And often overlooked solution, I often find myself burning at half speed these days and rarely get failures.


----------



## eidairaman1 (Jun 12, 2017)

RCoon said:


> And often overlooked solution, I often find myself burning at half speed these days and rarely get failures.



Yup because not all media is created equal, plus smaller data sets can be burned quicker, but larger ones cannot.

This goes back to the Days of CDBurners and when buffer overrun was rampant.


----------



## bogmali (Jun 12, 2017)

I have a similar burner and in my case, it's WIN10 that is screwing it up. I use DVDfab and I've tried slower burn settings and still errors out. Switched to a Win 8 machine and everything is just fine.


----------



## eidairaman1 (Jun 12, 2017)

bogmali said:


> I have a similar burner and in my case, it's WIN10 that is screwing it up. I use DVDfab and I've tried slower burn settings and still errors out. Switched to a Win 8 machine and everything is just fine.
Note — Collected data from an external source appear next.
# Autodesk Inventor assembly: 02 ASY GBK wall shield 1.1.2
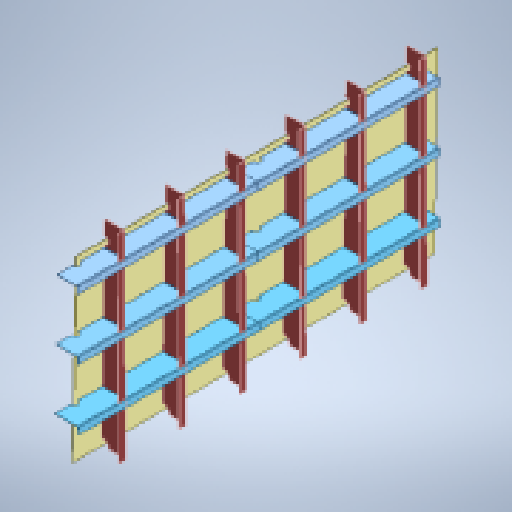
[picture p0: Inventor's stored thumbnail of the model, 512x512]
Saved by Autodesk Inventor 2026.2 (Build 302298000, 298)
## iProperties
Created: 2026-05-07
Part Number: 02 ASY GBK wall shield 1.1.2
Document SubType Name: Assembly
Designer: pokla
Mass: 245734 g
Surface Area: 167509 cm^2
Volume: 31303.7 cm^3
Density: 7.85 g/cm^3
Author: admin
## Documents named in this file (7)
- C:\Users\admin\Documents\Inventor\GBK-Gubkinskiy\02 ASY GBK wall shield 1.1.2.iam
- C:\Users\admin\Documents\Inventor\GBK-Gubkinskiy\0121 GBK shield 2.ipt
- C:\Users\admin\Documents\Inventor\GBK-Gubkinskiy\0234 GBK stringer 1.ipt
- C:\Users\admin\Documents\Inventor\GBK-Gubkinskiy\0235 GBK stringer 2.ipt
- C:\Users\admin\Documents\Inventor\GBK-Gubkinskiy\0236 GBK stringer 3.ipt
- C:\Users\admin\Documents\Inventor\GBK-Gubkinskiy\02.2 GBK rib.ipt
- C:\Users\admin\Documents\Inventor\GBK-Gubkinskiy\01.2 GBK main rib.ipt
## Components (13 placed, 5 different names)
1. 0234 GBK stringer 1:1
2. 0234 GBK stringer 1:2
3. 0235 GBK stringer 2:1
4. 0235 GBK stringer 2:2
5. 0236 GBK stringer 3:1
6. 0236 GBK stringer 3:2
7. 0121 GBK shield 2:1
8. 02.2 GBK rib:1
9. 02.2 GBK rib:2
10. 02.2 GBK rib:3
11. 02.2 GBK rib:4
12. 02.2 GBK rib:5
13. 02.2 GBK rib:6
## Component patterns: (6 elements, first: 02.2 GBK rib:1)
## Relationships (9: WeldJoint 6, Mate 2, Flush 1)
- [WeldJoint]: 0234 GBK stringer 1:1 ↔ 0234 GBK stringer 1:2
- [WeldJoint]: 0235 GBK stringer 2:1 ↔ 0235 GBK stringer 2:2
- [WeldJoint]: 0236 GBK stringer 3:1 ↔ 0236 GBK stringer 3:2
- [Flush] (254 mm): 0121 GBK shield 2:1 ↔ 02.2 GBK rib:1
- [Mate]: 0121 GBK shield 2:1 ↔ 02.2 GBK rib:1
- [Mate]: 0121 GBK shield 2:1 ↔ 02.2 GBK rib:1
- [WeldJoint] (4 mm): 0234 GBK stringer 1:1 ↔ 02.2 GBK rib:1
- [WeldJoint] (4 mm): 0235 GBK stringer 2:1 ↔ 02.2 GBK rib:1
- [WeldJoint] (4 mm): 0236 GBK stringer 3:1 ↔ 02.2 GBK rib:1
## Named parameters: Шаг_шпангоутов = 496.66667 mm

Awesome find, that's a serious bug that needs to be addressed


----------



## Jetster (Jun 12, 2017)

Ill try on my W10


----------



## bogmali (Jun 12, 2017)

eidairaman1 said:


> Awesome find, that's a serious bug that needs to be addressed


 
The funny part is that I'm burning contents on a DVD media and not BD 

OP check out this review comment that deals with firmware and AHCI settings. I'll read more in depth later when I get home (at work atm).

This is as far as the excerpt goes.